Si tenemos en cuenta que una cucharadita o sobre de azúcar normal contiene, según la fuente consultada, entre 16 y 30 calorías y que una comida no vegana, abundante y rica en todos los nutrientes y compuestos alimenticios habidos y por haber, puede tranquilamente rondar las 1.500-2.000 calorías (en realidad son Kilocalorías), ¿a qué vienen esos escrúpulos de última hora, evitando añadir a esa copiosa ingesta un sobrecito de azúcar de mesa?
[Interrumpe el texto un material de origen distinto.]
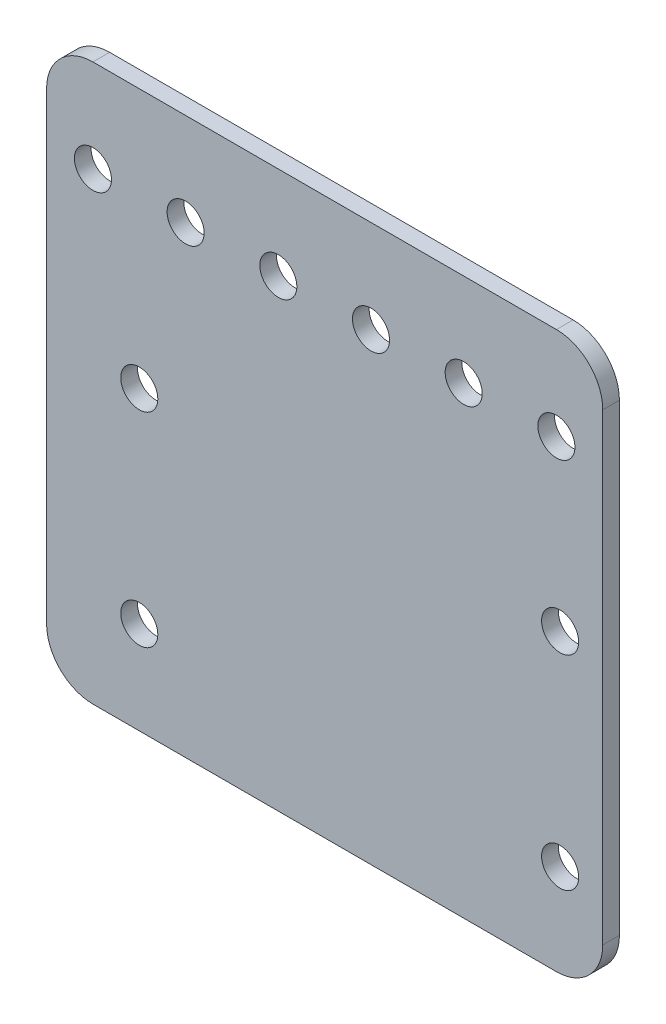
ISO-10303-21;
HEADER;
FILE_DESCRIPTION(('STEP AP214'),'2;1');
FILE_NAME('part.step','',(''),(''),'','','');
FILE_SCHEMA(('AUTOMOTIVE_DESIGN { 1 0 10303 214 1 1 1 1 }'));
ENDSEC;
DATA;
#1=APPLICATION_CONTEXT('core data for automotive mechanical design processes');
#2=APPLICATION_PROTOCOL_DEFINITION('international standard','automotive_design',2000,#1);
#3=PRODUCT_CONTEXT('',#1,'mechanical');
#4=PRODUCT('Part','Part','',(#3));
#5=PRODUCT_RELATED_PRODUCT_CATEGORY('part','',(#4));
#6=PRODUCT_DEFINITION_FORMATION('','',#4);
#7=PRODUCT_DEFINITION_CONTEXT('part definition',#1,'design');
#8=PRODUCT_DEFINITION('design','',#6,#7);
#9=PRODUCT_DEFINITION_SHAPE('','',#8);
#10=(LENGTH_UNIT() NAMED_UNIT(*) SI_UNIT(.MILLI.,.METRE.));
#11=(NAMED_UNIT(*) PLANE_ANGLE_UNIT() SI_UNIT($,.RADIAN.));
#12=(NAMED_UNIT(*) SI_UNIT($,.STERADIAN.) SOLID_ANGLE_UNIT());
#13=UNCERTAINTY_MEASURE_WITH_UNIT(LENGTH_MEASURE(1.E-05),#10,'distance_accuracy_value','');
#14=(GEOMETRIC_REPRESENTATION_CONTEXT(3) GLOBAL_UNCERTAINTY_ASSIGNED_CONTEXT((#13)) GLOBAL_UNIT_ASSIGNED_CONTEXT((#10,
#11,#12)) REPRESENTATION_CONTEXT('',''));
#15=CARTESIAN_POINT('',(0.,0.,0.));
#16=DIRECTION('',(0.,0.,1.));
#17=DIRECTION('',(1.,0.,0.));
#18=AXIS2_PLACEMENT_3D('',#15,#16,#17);
#19=CARTESIAN_POINT('',(69.85,63.5,0.));
#20=DIRECTION('',(0.,0.,1.));
#21=DIRECTION('',(1.,0.,0.));
#22=AXIS2_PLACEMENT_3D('',#19,#20,#21);
#23=CYLINDRICAL_SURFACE('',#22,2.54000000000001);
#24=CARTESIAN_POINT('',(69.85,63.5,-2.286));
#25=DIRECTION('',(0.,0.,1.));
#26=DIRECTION('',(1.,0.,0.));
#27=AXIS2_PLACEMENT_3D('',#24,#25,#26);
#28=CIRCLE('',#27,2.54000000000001);
#29=CARTESIAN_POINT('',(72.39,63.5,-2.286));
#30=VERTEX_POINT('',#29);
#31=EDGE_CURVE('E138',#30,#30,#28,.T.);
#32=ORIENTED_EDGE('',*,*,#31,.F.);
#33=EDGE_LOOP('',(#32));
#34=FACE_BOUND('',#33,.T.);
#35=CARTESIAN_POINT('',(69.85,63.5,0.));
#36=DIRECTION('',(0.,0.,1.));
#37=DIRECTION('',(1.,0.,0.));
#38=AXIS2_PLACEMENT_3D('',#35,#36,#37);
#39=CIRCLE('',#38,2.54000000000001);
#40=CARTESIAN_POINT('',(72.39,63.5,0.));
#41=VERTEX_POINT('',#40);
#42=EDGE_CURVE('E133',#41,#41,#39,.T.);
#43=ORIENTED_EDGE('',*,*,#42,.T.);
#44=EDGE_LOOP('',(#43));
#45=FACE_BOUND('',#44,.T.);
#46=ADVANCED_FACE('F39',(#34,#45),#23,.F.);
#47=CARTESIAN_POINT('',(57.15,63.5,0.));
#48=DIRECTION('',(0.,0.,1.));
#49=DIRECTION('',(1.,0.,0.));
#50=AXIS2_PLACEMENT_3D('',#47,#48,#49);
#51=CYLINDRICAL_SURFACE('',#50,2.54000000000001);
#52=CARTESIAN_POINT('',(57.15,63.5,-2.286));
#53=DIRECTION('',(0.,0.,1.));
#54=DIRECTION('',(1.,0.,0.));
#55=AXIS2_PLACEMENT_3D('',#52,#53,#54);
#56=CIRCLE('',#55,2.54000000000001);
#57=CARTESIAN_POINT('',(59.69,63.5,-2.286));
#58=VERTEX_POINT('',#57);
#59=EDGE_CURVE('E189',#58,#58,#56,.T.);
#60=ORIENTED_EDGE('',*,*,#59,.F.);
#61=EDGE_LOOP('',(#60));
#62=FACE_BOUND('',#61,.T.);
#63=CARTESIAN_POINT('',(57.15,63.5,0.));
#64=DIRECTION('',(0.,0.,1.));
#65=DIRECTION('',(1.,0.,0.));
#66=AXIS2_PLACEMENT_3D('',#63,#64,#65);
#67=CIRCLE('',#66,2.54000000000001);
#68=CARTESIAN_POINT('',(59.69,63.5,0.));
#69=VERTEX_POINT('',#68);
#70=EDGE_CURVE('E192',#69,#69,#67,.T.);
#71=ORIENTED_EDGE('',*,*,#70,.T.);
#72=EDGE_LOOP('',(#71));
#73=FACE_BOUND('',#72,.T.);
#74=ADVANCED_FACE('F201',(#62,#73),#51,.F.);
#75=CARTESIAN_POINT('',(44.45,63.5,0.));
#76=DIRECTION('',(0.,0.,1.));
#77=DIRECTION('',(1.,0.,0.));
#78=AXIS2_PLACEMENT_3D('',#75,#76,#77);
#79=CYLINDRICAL_SURFACE('',#78,2.54000000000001);
#80=CARTESIAN_POINT('',(44.45,63.5,-2.286));
#81=DIRECTION('',(0.,0.,1.));
#82=DIRECTION('',(1.,0.,0.));
#83=AXIS2_PLACEMENT_3D('',#80,#81,#82);
#84=CIRCLE('',#83,2.54000000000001);
#85=CARTESIAN_POINT('',(46.99,63.5,-2.286));
#86=VERTEX_POINT('',#85);
#87=EDGE_CURVE('E183',#86,#86,#84,.T.);
#88=ORIENTED_EDGE('',*,*,#87,.F.);
#89=EDGE_LOOP('',(#88));
#90=FACE_BOUND('',#89,.T.);
#91=CARTESIAN_POINT('',(44.45,63.5,0.));
#92=DIRECTION('',(0.,0.,1.));
#93=DIRECTION('',(1.,0.,0.));
#94=AXIS2_PLACEMENT_3D('',#91,#92,#93);
#95=CIRCLE('',#94,2.54000000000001);
#96=CARTESIAN_POINT('',(46.99,63.5,0.));
#97=VERTEX_POINT('',#96);
#98=EDGE_CURVE('E186',#97,#97,#95,.T.);
#99=ORIENTED_EDGE('',*,*,#98,.T.);
#100=EDGE_LOOP('',(#99));
#101=FACE_BOUND('',#100,.T.);
#102=ADVANCED_FACE('F235',(#90,#101),#79,.F.);
#103=CARTESIAN_POINT('',(31.75,63.5,0.));
#104=DIRECTION('',(0.,0.,1.));
#105=DIRECTION('',(1.,0.,0.));
#106=AXIS2_PLACEMENT_3D('',#103,#104,#105);
#107=CYLINDRICAL_SURFACE('',#106,2.54000000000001);
#108=CARTESIAN_POINT('',(31.75,63.5,-2.286));
#109=DIRECTION('',(0.,0.,1.));
#110=DIRECTION('',(1.,0.,0.));
#111=AXIS2_PLACEMENT_3D('',#108,#109,#110);
#112=CIRCLE('',#111,2.54000000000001);
#113=CARTESIAN_POINT('',(34.29,63.5,-2.286));
#114=VERTEX_POINT('',#113);
#115=EDGE_CURVE('E164',#114,#114,#112,.T.);
#116=ORIENTED_EDGE('',*,*,#115,.F.);
#117=EDGE_LOOP('',(#116));
#118=FACE_BOUND('',#117,.T.);
#119=CARTESIAN_POINT('',(31.75,63.5,0.));
#120=DIRECTION('',(0.,0.,1.));
#121=DIRECTION('',(1.,0.,0.));
#122=AXIS2_PLACEMENT_3D('',#119,#120,#121);
#123=CIRCLE('',#122,2.54000000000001);
#124=CARTESIAN_POINT('',(34.29,63.5,0.));
#125=VERTEX_POINT('',#124);
#126=EDGE_CURVE('E168',#125,#125,#123,.T.);
#127=ORIENTED_EDGE('',*,*,#126,.T.);
#128=EDGE_LOOP('',(#127));
#129=FACE_BOUND('',#128,.T.);
#130=ADVANCED_FACE('F232',(#118,#129),#107,.F.);
#131=CARTESIAN_POINT('',(0.,0.,-2.286));
#132=DIRECTION('',(-1.,0.,0.));
#133=DIRECTION('',(0.,0.,1.));
#134=AXIS2_PLACEMENT_3D('',#131,#132,#133);
#135=PLANE('',#134);
#136=DIRECTION('',(0.,-1.,0.));
#137=VECTOR('',#136,1.);
#138=CARTESIAN_POINT('',(0.,0.,-2.286));
#139=LINE('',#138,#137);
#140=CARTESIAN_POINT('',(0.,69.85,-2.286));
#141=VERTEX_POINT('',#140);
#142=CARTESIAN_POINT('',(0.,6.35,-2.286));
#143=VERTEX_POINT('',#142);
#144=EDGE_CURVE('E179',#141,#143,#139,.T.);
#145=ORIENTED_EDGE('',*,*,#144,.T.);
#146=DIRECTION('',(0.,0.,1.));
#147=VECTOR('',#146,1.);
#148=CARTESIAN_POINT('',(0.,6.35,-2.286));
#149=LINE('',#148,#147);
#150=CARTESIAN_POINT('',(0.,6.35,0.));
#151=VERTEX_POINT('',#150);
#152=EDGE_CURVE('E126',#143,#151,#149,.T.);
#153=ORIENTED_EDGE('',*,*,#152,.T.);
#154=DIRECTION('',(0.,-1.,0.));
#155=VECTOR('',#154,1.);
#156=CARTESIAN_POINT('',(0.,0.,0.));
#157=LINE('',#156,#155);
#158=CARTESIAN_POINT('',(0.,69.85,0.));
#159=VERTEX_POINT('',#158);
#160=EDGE_CURVE('E109',#159,#151,#157,.T.);
#161=ORIENTED_EDGE('',*,*,#160,.F.);
#162=DIRECTION('',(0.,0.,1.));
#163=VECTOR('',#162,1.);
#164=CARTESIAN_POINT('',(0.,69.85,-2.286));
#165=LINE('',#164,#163);
#166=EDGE_CURVE('E123',#159,#141,#165,.F.);
#167=ORIENTED_EDGE('',*,*,#166,.T.);
#168=EDGE_LOOP('',(#145,#153,#161,#167));
#169=FACE_BOUND('',#168,.T.);
#170=ADVANCED_FACE('F122',(#169),#135,.T.);
#171=CARTESIAN_POINT('',(0.,76.2,-2.286));
#172=DIRECTION('',(0.,1.,0.));
#173=DIRECTION('',(0.,0.,1.));
#174=AXIS2_PLACEMENT_3D('',#171,#172,#173);
#175=PLANE('',#174);
#176=DIRECTION('',(-1.,0.,0.));
#177=VECTOR('',#176,1.);
#178=CARTESIAN_POINT('',(0.,76.2,-2.286));
#179=LINE('',#178,#177);
#180=CARTESIAN_POINT('',(69.85,76.2,-2.286));
#181=VERTEX_POINT('',#180);
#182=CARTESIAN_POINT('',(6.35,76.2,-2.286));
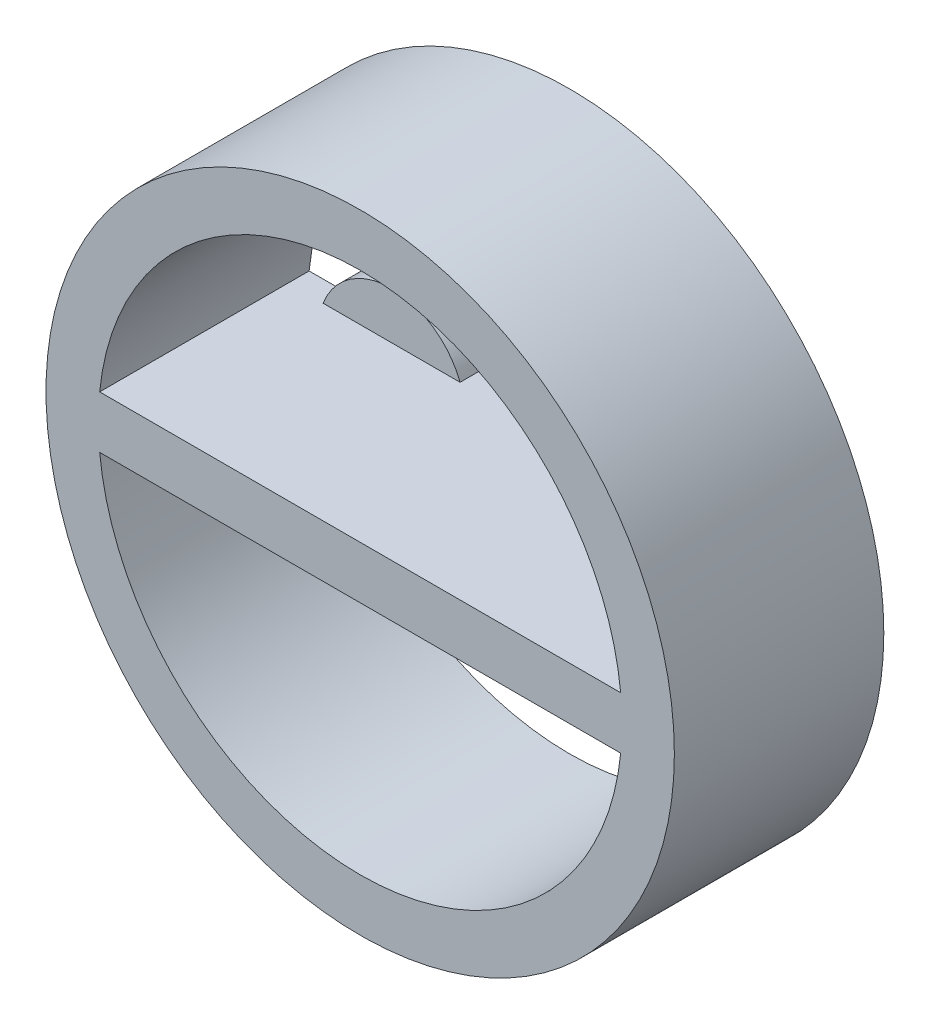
from build123d import *

# Parameters (mm, degrees)
ESQUISSE1_R        = 3
ESQUISSE1_R_2      = 2.5
BOSS_EXTRU_1_DEPTH = 2
ESQUISSE2_W        = 5.5
ESQUISSE2_H        = 0.5
BOSS_EXTRU_2_DEPTH = 2
ESQUISSE3_R        = 0.7
BOSS_EXTRU_3_DEPTH = 0.2
ESQUISSE4_R        = 0.7
BOSS_EXTRU_4_DEPTH = 0.2


with BuildPart() as part:
    # Esquisse1 → Boss.-Extru.1 (new body)
    with BuildSketch(Plane.XY):
        Circle(ESQUISSE1_R)
        Circle(ESQUISSE1_R_2, mode=Mode.SUBTRACT)
    extrude(amount=BOSS_EXTRU_1_DEPTH)

    # Esquisse2 → Boss.-Extru.2 (add)
    with BuildSketch(Plane.XY):
        Rectangle(ESQUISSE2_W, ESQUISSE2_H)
    extrude(amount=BOSS_EXTRU_2_DEPTH)

    # Esquisse3 → Boss.-Extru.3 (add)
    with BuildSketch(Plane.XY):
        with Locations((1.5, 0)):
            Circle(ESQUISSE3_R)
    extrude(amount=BOSS_EXTRU_3_DEPTH)

    # Esquisse4 → Boss.-Extru.4 (add)
    with BuildSketch(Plane.XY):
        with Locations((-1.5, 0)):
            Circle(ESQUISSE4_R)
    extrude(amount=BOSS_EXTRU_4_DEPTH)


solid = part.part
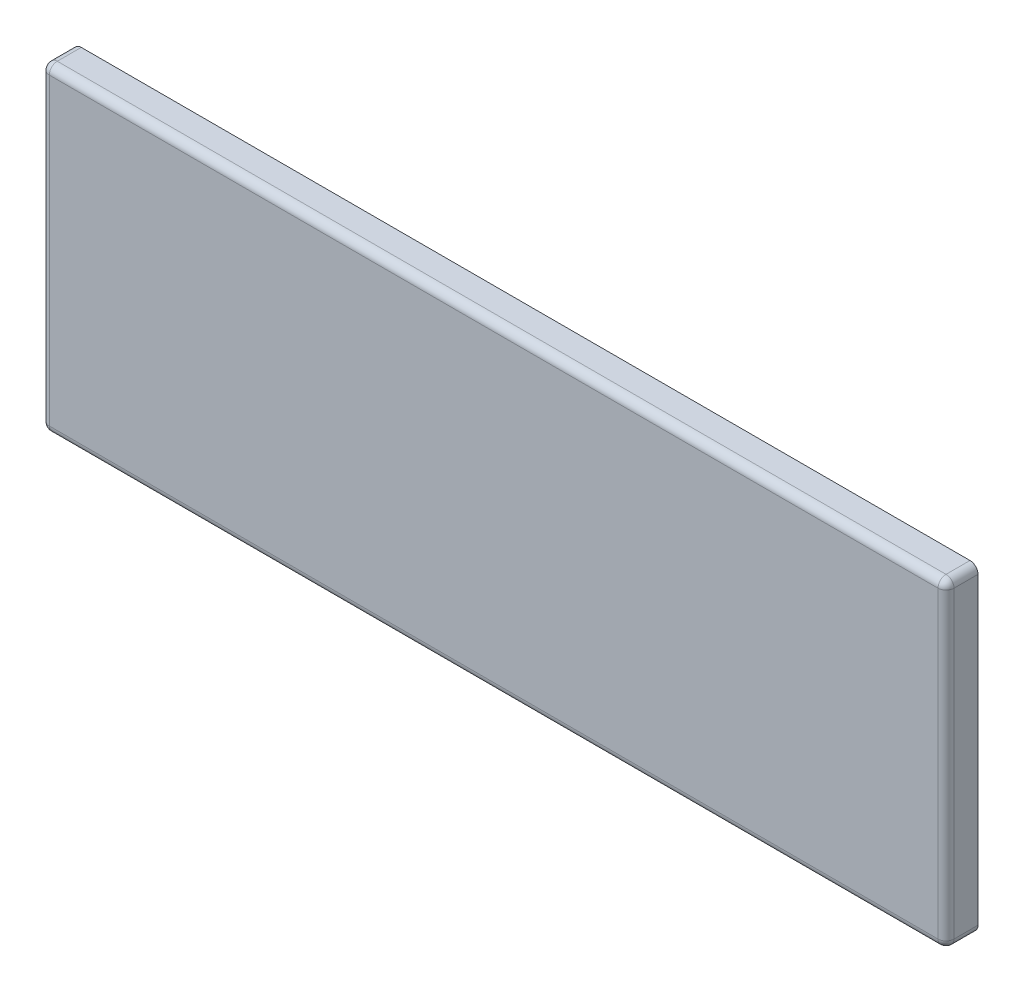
ISO-10303-21;
HEADER;
FILE_DESCRIPTION(('STEP AP214'),'2;1');
FILE_NAME('part.step','',(''),(''),'','','');
FILE_SCHEMA(('AUTOMOTIVE_DESIGN { 1 0 10303 214 1 1 1 1 }'));
ENDSEC;
DATA;
#1=APPLICATION_CONTEXT('core data for automotive mechanical design processes');
#2=APPLICATION_PROTOCOL_DEFINITION('international standard','automotive_design',2000,#1);
#3=PRODUCT_CONTEXT('',#1,'mechanical');
#4=PRODUCT('Part','Part','',(#3));
#5=PRODUCT_RELATED_PRODUCT_CATEGORY('part','',(#4));
#6=PRODUCT_DEFINITION_FORMATION('','',#4);
#7=PRODUCT_DEFINITION_CONTEXT('part definition',#1,'design');
#8=PRODUCT_DEFINITION('design','',#6,#7);
#9=PRODUCT_DEFINITION_SHAPE('','',#8);
#10=(LENGTH_UNIT() NAMED_UNIT(*) SI_UNIT(.MILLI.,.METRE.));
#11=(NAMED_UNIT(*) PLANE_ANGLE_UNIT() SI_UNIT($,.RADIAN.));
#12=(NAMED_UNIT(*) SI_UNIT($,.STERADIAN.) SOLID_ANGLE_UNIT());
#13=UNCERTAINTY_MEASURE_WITH_UNIT(LENGTH_MEASURE(1.E-05),#10,'distance_accuracy_value','');
#14=(GEOMETRIC_REPRESENTATION_CONTEXT(3) GLOBAL_UNCERTAINTY_ASSIGNED_CONTEXT((#13)) GLOBAL_UNIT_ASSIGNED_CONTEXT((#10,
#11,#12)) REPRESENTATION_CONTEXT('',''));
#15=CARTESIAN_POINT('',(0.,0.,0.));
#16=DIRECTION('',(0.,0.,1.));
#17=DIRECTION('',(1.,0.,0.));
#18=AXIS2_PLACEMENT_3D('',#15,#16,#17);
#19=CARTESIAN_POINT('',(56.57,-20.,4.));
#20=DIRECTION('',(-1.,0.,0.));
#21=DIRECTION('',(0.,0.,1.));
#22=AXIS2_PLACEMENT_3D('',#19,#20,#21);
#23=PLANE('',#22);
#24=DIRECTION('',(0.,1.,0.));
#25=VECTOR('',#24,1.);
#26=CARTESIAN_POINT('',(56.57,-20.,3.));
#27=LINE('',#26,#25);
#28=CARTESIAN_POINT('',(56.57,19.,3.));
#29=VERTEX_POINT('',#28);
#30=CARTESIAN_POINT('',(56.57,-19.,3.));
#31=VERTEX_POINT('',#30);
#32=EDGE_CURVE('E47',#29,#31,#27,.F.);
#33=ORIENTED_EDGE('',*,*,#32,.T.);
#34=DIRECTION('',(0.,0.,-1.));
#35=VECTOR('',#34,1.);
#36=CARTESIAN_POINT('',(56.57,-19.,4.));
#37=LINE('',#36,#35);
#38=CARTESIAN_POINT('',(56.57,-19.,0.));
#39=VERTEX_POINT('',#38);
#40=EDGE_CURVE('E166',#31,#39,#37,.T.);
#41=ORIENTED_EDGE('',*,*,#40,.T.);
#42=DIRECTION('',(0.,1.,0.));
#43=VECTOR('',#42,1.);
#44=CARTESIAN_POINT('',(56.57,-20.,0.));
#45=LINE('',#44,#43);
#46=CARTESIAN_POINT('',(56.57,19.,0.));
#47=VERTEX_POINT('',#46);
#48=EDGE_CURVE('E195',#39,#47,#45,.T.);
#49=ORIENTED_EDGE('',*,*,#48,.T.);
#50=DIRECTION('',(0.,0.,-1.));
#51=VECTOR('',#50,1.);
#52=CARTESIAN_POINT('',(56.57,19.,4.));
#53=LINE('',#52,#51);
#54=EDGE_CURVE('E52',#47,#29,#53,.F.);
#55=ORIENTED_EDGE('',*,*,#54,.T.);
#56=EDGE_LOOP('',(#33,#41,#49,#55));
#57=FACE_BOUND('',#56,.T.);
#58=ADVANCED_FACE('F30',(#57),#23,.F.);
#59=CARTESIAN_POINT('',(56.57,20.,4.));
#60=DIRECTION('',(0.,-1.,0.));
#61=DIRECTION('',(0.,0.,-1.));
#62=AXIS2_PLACEMENT_3D('',#59,#60,#61);
#63=PLANE('',#62);
#64=DIRECTION('',(-1.,0.,0.));
#65=VECTOR('',#64,1.);
#66=CARTESIAN_POINT('',(56.57,20.,0.));
#67=LINE('',#66,#65);
#68=CARTESIAN_POINT('',(55.57,20.,0.));
#69=VERTEX_POINT('',#68);
#70=CARTESIAN_POINT('',(-55.57,20.,0.));
#71=VERTEX_POINT('',#70);
#72=EDGE_CURVE('E197',#69,#71,#67,.T.);
#73=ORIENTED_EDGE('',*,*,#72,.T.);
#74=DIRECTION('',(0.,0.,-1.));
#75=VECTOR('',#74,1.);
#76=CARTESIAN_POINT('',(-55.57,20.,4.));
#77=LINE('',#76,#75);
#78=CARTESIAN_POINT('',(-55.57,20.,3.));
#79=VERTEX_POINT('',#78);
#80=EDGE_CURVE('E162',#71,#79,#77,.F.);
#81=ORIENTED_EDGE('',*,*,#80,.T.);
#82=DIRECTION('',(-1.,0.,0.));
#83=VECTOR('',#82,1.);
#84=CARTESIAN_POINT('',(56.57,20.,3.));
#85=LINE('',#84,#83);
#86=CARTESIAN_POINT('',(55.57,20.,3.));
#87=VERTEX_POINT('',#86);
#88=EDGE_CURVE('E160',#79,#87,#85,.F.);
#89=ORIENTED_EDGE('',*,*,#88,.T.);
#90=DIRECTION('',(0.,0.,-1.));
#91=VECTOR('',#90,1.);
#92=CARTESIAN_POINT('',(55.57,20.,4.));
#93=LINE('',#92,#91);
#94=EDGE_CURVE('E158',#87,#69,#93,.T.);
#95=ORIENTED_EDGE('',*,*,#94,.T.);
#96=EDGE_LOOP('',(#73,#81,#89,#95));
#97=FACE_BOUND('',#96,.T.);
#98=ADVANCED_FACE('F249',(#97),#63,.F.);
#99=CARTESIAN_POINT('',(-56.57,20.,4.));
#100=DIRECTION('',(1.,0.,0.));
#101=DIRECTION('',(0.,1.,0.));
#102=AXIS2_PLACEMENT_3D('',#99,#100,#101);
#103=PLANE('',#102);
#104=DIRECTION('',(0.,-1.,0.));
#105=VECTOR('',#104,1.);
#106=CARTESIAN_POINT('',(-56.57,20.,0.));
#107=LINE('',#106,#105);
#108=CARTESIAN_POINT('',(-56.57,19.,0.));
#109=VERTEX_POINT('',#108);
#110=CARTESIAN_POINT('',(-56.57,-19.,0.));
#111=VERTEX_POINT('',#110);
#112=EDGE_CURVE('E201',#109,#111,#107,.T.);
#113=ORIENTED_EDGE('',*,*,#112,.T.);
#114=DIRECTION('',(0.,0.,-1.));
#115=VECTOR('',#114,1.);
#116=CARTESIAN_POINT('',(-56.57,-19.,4.));
#117=LINE('',#116,#115);
#118=CARTESIAN_POINT('',(-56.57,-19.,3.));
#119=VERTEX_POINT('',#118);
#120=EDGE_CURVE('E156',#111,#119,#117,.F.);
#121=ORIENTED_EDGE('',*,*,#120,.T.);
#122=DIRECTION('',(0.,-1.,0.));
#123=VECTOR('',#122,1.);
#124=CARTESIAN_POINT('',(-56.57,20.,3.));
#125=LINE('',#124,#123);
#126=CARTESIAN_POINT('',(-56.57,19.,3.));
#127=VERTEX_POINT('',#126);
#128=EDGE_CURVE('E154',#119,#127,#125,.F.);
#129=ORIENTED_EDGE('',*,*,#128,.T.);
#130=DIRECTION('',(0.,0.,-1.));
#131=VECTOR('',#130,1.);
#132=CARTESIAN_POINT('',(-56.57,19.,4.));
#133=LINE('',#132,#131);
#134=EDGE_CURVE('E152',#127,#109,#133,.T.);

Supongo que será por remordimientos, para aplacar nuestra mala conciencia o como signo externo de contención una vez ya hemos sobrepasado exagerada y deliberadamente el límite recomendado. ¿No sería mejor, o más racional, compensar ese exceso con una cena frugal baja en calorías? A no ser, claro está, que a uno le guste más el sabor del edulcorante sintético que el del azúcar de caña o de remolacha, ya sea blanco o moreno.


Que conste que soy de los que piensan que cada uno puede hacer lo que desee y comportarse como le venga en gana, mientras no moleste ni obligue a los demás a seguir su ejemplo. No obstante, hay cosas que me llaman poderosamente la atención y para las que, como he dicho al principio, no tengo una respuesta convincente (al menos para mí). También es cierto que todos (o casi todos) manifestamos comportamientos que pueden parecer extraños al resto de mortales, tenemos nuestras filias y nuestras fobias, nuestros tics y nuestras manías. Así que esta entrada no tiene porqué considerarse una crítica negativa en toda regla, sino más bien una de mis reflexiones inconexas. Uno, que es curioso por naturaleza. Aunque debo reconocer que alguien que parece disfrutar dando malas noticias sí que me molesta. Y mucho. Más aún, me da una rabia…

¿Y a vosotros/as os ocurre igual? ¿Tenéis alguna fobia social, o una duda o incógnita que hasta ahora nadie os ha sabido aclarar?